*** Block opens ***

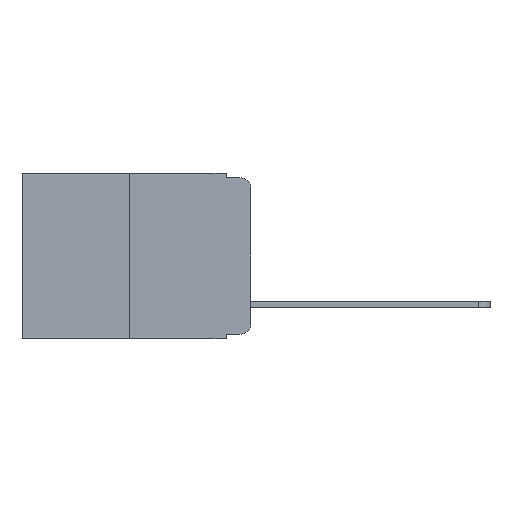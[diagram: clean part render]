
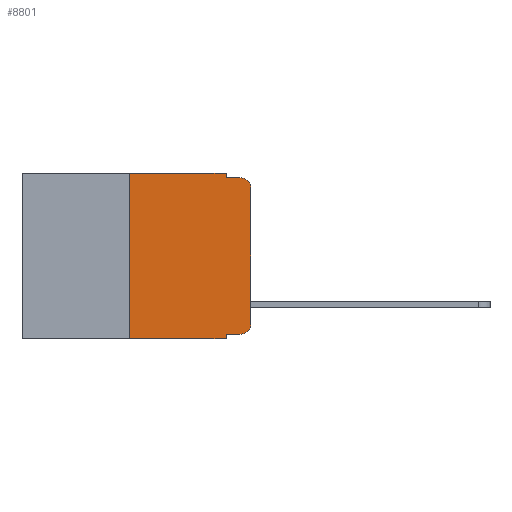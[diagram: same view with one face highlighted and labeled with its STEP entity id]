
A CAD part, left-side view. The second image highlights one B-rep face of the part: STEP entity #8801.
In plain terms, the highlighted planar face has unit normal (-1, 0, 0).
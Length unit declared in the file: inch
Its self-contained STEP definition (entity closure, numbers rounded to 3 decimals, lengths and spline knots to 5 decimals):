
#96 = VERTEX_POINT ( 'NONE', #7176 ) ;
#992 = DIRECTION ( 'NONE',  ( 0., 0., -1. ) ) ;
#1319 = DIRECTION ( 'NONE',  ( 0., -1., 0. ) ) ;
#1558 = CARTESIAN_POINT ( 'NONE',  ( 0., 0.051, 0. ) ) ;
#1704 = VECTOR ( 'NONE', #992, 39.37008 ) ;
#1750 = CARTESIAN_POINT ( 'NONE',  ( 0., 0.051, -0.343 ) ) ;
#1801 = VECTOR ( 'NONE', #6976, 39.37008 ) ;
#1995 = VERTEX_POINT ( 'NONE', #7747 ) ;
#1996 = VERTEX_POINT ( 'NONE', #17955 ) ;
#2219 = DIRECTION ( 'NONE',  ( 0., 0., -1. ) ) ;
#2362 = CARTESIAN_POINT ( 'NONE',  ( 0., 0.051, -0.01 ) ) ;
#2568 = ORIENTED_EDGE ( 'NONE', *, *, #17423, .T. ) ;
#2711 = VERTEX_POINT ( 'NONE', #15989 ) ;
#2760 = ORIENTED_EDGE ( 'NONE', *, *, #4101, .T. ) ;
#3169 = VECTOR ( 'NONE', #3296, 39.37008 ) ;
#3296 = DIRECTION ( 'NONE',  ( 0., 0., 1. ) ) ;
#3341 = CARTESIAN_POINT ( 'NONE',  ( 0., 0.473, -0.343 ) ) ;
#3750 = AXIS2_PLACEMENT_3D ( 'NONE', #8411, #7638, #8031 ) ;
#4101 = EDGE_CURVE ( 'NONE', #12578, #96, #6344, .T. ) ;
#4125 = VECTOR ( 'NONE', #1319, 39.37008 ) ;
#4713 = AXIS2_PLACEMENT_3D ( 'NONE', #14278, #5470, #15530 ) ;
#5449 = LINE ( 'NONE', #14874, #9490 ) ;
#5470 = DIRECTION ( 'NONE',  ( -1., 0., 0. ) ) ;
#5997 = LINE ( 'NONE', #1558, #1704 ) ;
#6018 = DIRECTION ( 'NONE',  ( 0., 0., 1. ) ) ;
#6344 = CIRCLE ( 'NONE', #17458, 0.02 ) ;
#6750 = EDGE_CURVE ( 'NONE', #14552, #10929, #12159, .T. ) ;
#6965 = CARTESIAN_POINT ( 'NONE',  ( 0., 0.051, -0.333 ) ) ;
#6976 = DIRECTION ( 'NONE',  ( 0., 0., -1. ) ) ;
#7154 = CARTESIAN_POINT ( 'NONE',  ( 0., 0., -0.03 ) ) ;
#7176 = CARTESIAN_POINT ( 'NONE',  ( 0., 0.02, -0.01 ) ) ;
#7191 = CARTESIAN_POINT ( 'NONE',  ( 0., 0.051, 0. ) ) ;
#7440 = DIRECTION ( 'NONE',  ( -1., 0., 0. ) ) ;
#7570 = ORIENTED_EDGE ( 'NONE', *, *, #8406, .F. ) ;
#7609 = PLANE ( 'NONE',  #3750 ) ;
#7638 = DIRECTION ( 'NONE',  ( 1., 0., 0. ) ) ;
#7747 = CARTESIAN_POINT ( 'NONE',  ( 0., 0.25, -0.343 ) ) ;
#8031 = DIRECTION ( 'NONE',  ( 0., 0., -1. ) ) ;
#8220 = CARTESIAN_POINT ( 'NONE',  ( 0., 0.051, -0.01 ) ) ;
#8406 = EDGE_CURVE ( 'NONE', #14552, #17861, #9668, .T. ) ;
#8411 = CARTESIAN_POINT ( 'NONE',  ( 0., 0.473, 0. ) ) ;
#8785 = VERTEX_POINT ( 'NONE', #8220 ) ;
#8801 = ADVANCED_FACE ( 'NONE', ( #10555 ), #7609, .F. ) ;
#8996 = ORIENTED_EDGE ( 'NONE', *, *, #6750, .T. ) ;
#9210 = ORIENTED_EDGE ( 'NONE', *, *, #17859, .T. ) ;
#9490 = VECTOR ( 'NONE', #6018, 39.37008 ) ;
#9549 = EDGE_LOOP ( 'NONE', ( #13047, #2760, #12831, #10816, #9920, #10350, #9210, #7570, #8996, #2568 ) ) ;
#9668 = LINE ( 'NONE', #7191, #1801 ) ;
#9766 = CARTESIAN_POINT ( 'NONE',  ( 0., 0.473, 0. ) ) ;
#9920 = ORIENTED_EDGE ( 'NONE', *, *, #13372, .F. ) ;
#10145 = CARTESIAN_POINT ( 'NONE',  ( 0., 0.02, -0.03 ) ) ;
#10176 = DIRECTION ( 'NONE',  ( 0., -1., 0. ) ) ;
#10350 = ORIENTED_EDGE ( 'NONE', *, *, #13884, .F. ) ;
#10555 = FACE_OUTER_BOUND ( 'NONE', #9549, .T. ) ;
#10651 = EDGE_CURVE ( 'NONE', #17076, #8785, #5997, .T. ) ;
#10816 = ORIENTED_EDGE ( 'NONE', *, *, #10651, .F. ) ;
#10929 = VERTEX_POINT ( 'NONE', #13291 ) ;
#11925 = VECTOR ( 'NONE', #15172, 39.37008 ) ;
#12056 = CARTESIAN_POINT ( 'NONE',  ( 0., 0.051, 0. ) ) ;
#12159 = LINE ( 'NONE', #12990, #4125 ) ;
#12205 = EDGE_CURVE ( 'NONE', #2711, #12578, #5449, .T. ) ;
#12578 = VERTEX_POINT ( 'NONE', #7154 ) ;
#12585 = EDGE_CURVE ( 'NONE', #8785, #96, #12587, .T. ) ;
#12587 = LINE ( 'NONE', #2362, #15693 ) ;
#12609 = CIRCLE ( 'NONE', #4713, 0.02 ) ;
#12831 = ORIENTED_EDGE ( 'NONE', *, *, #12585, .F. ) ;
#12990 = CARTESIAN_POINT ( 'NONE',  ( 0., 0.051, -0.333 ) ) ;
#13047 = ORIENTED_EDGE ( 'NONE', *, *, #12205, .T. ) ;
#13291 = CARTESIAN_POINT ( 'NONE',  ( 0., 0.02, -0.333 ) ) ;
#13372 = EDGE_CURVE ( 'NONE', #1996, #17076, #14474, .T. ) ;
#13884 = EDGE_CURVE ( 'NONE', #1995, #1996, #15027, .T. ) ;
#14278 = CARTESIAN_POINT ( 'NONE',  ( 0., 0.02, -0.313 ) ) ;
#14474 = LINE ( 'NONE', #9766, #17482 ) ;
#14552 = VERTEX_POINT ( 'NONE', #6965 ) ;
#14874 = CARTESIAN_POINT ( 'NONE',  ( 0., 0., 0. ) ) ;
#15027 = LINE ( 'NONE', #16389, #3169 ) ;
#15172 = DIRECTION ( 'NONE',  ( 0., -1., 0. ) ) ;
#15530 = DIRECTION ( 'NONE',  ( 0., 0., -1. ) ) ;
#15693 = VECTOR ( 'NONE', #10176, 39.37008 ) ;
#15989 = CARTESIAN_POINT ( 'NONE',  ( 0., 0., -0.313 ) ) ;
#16389 = CARTESIAN_POINT ( 'NONE',  ( 0., 0.25, 0. ) ) ;
#17076 = VERTEX_POINT ( 'NONE', #12056 ) ;
#17423 = EDGE_CURVE ( 'NONE', #10929, #2711, #12609, .T. ) ;
#17458 = AXIS2_PLACEMENT_3D ( 'NONE', #10145, #7440, #2219 ) ;
#17482 = VECTOR ( 'NONE', #17872, 39.37008 ) ;
#17859 = EDGE_CURVE ( 'NONE', #1995, #17861, #18526, .T. ) ;
#17861 = VERTEX_POINT ( 'NONE', #1750 ) ;
#17872 = DIRECTION ( 'NONE',  ( 0., -1., 0. ) ) ;
#17955 = CARTESIAN_POINT ( 'NONE',  ( 0., 0.25, 0. ) ) ;
#18526 = LINE ( 'NONE', #3341, #11925 ) ;

*** Block closes ***

● **PROBLEM DETAILS**:
Every line that holds the word "VECTOR" should be copied from the records above.

● **WRITTEN SOLUTION**:
#1704 = VECTOR ( 'NONE', #992, 39.37008 ) ;
#1801 = VECTOR ( 'NONE', #6976, 39.37008 ) ;
#3169 = VECTOR ( 'NONE', #3296, 39.37008 ) ;
#4125 = VECTOR ( 'NONE', #1319, 39.37008 ) ;
#9490 = VECTOR ( 'NONE', #6018, 39.37008 ) ;
#11925 = VECTOR ( 'NONE', #15172, 39.37008 ) ;
#15693 = VECTOR ( 'NONE', #10176, 39.37008 ) ;
#17482 = VECTOR ( 'NONE', #17872, 39.37008 ) ;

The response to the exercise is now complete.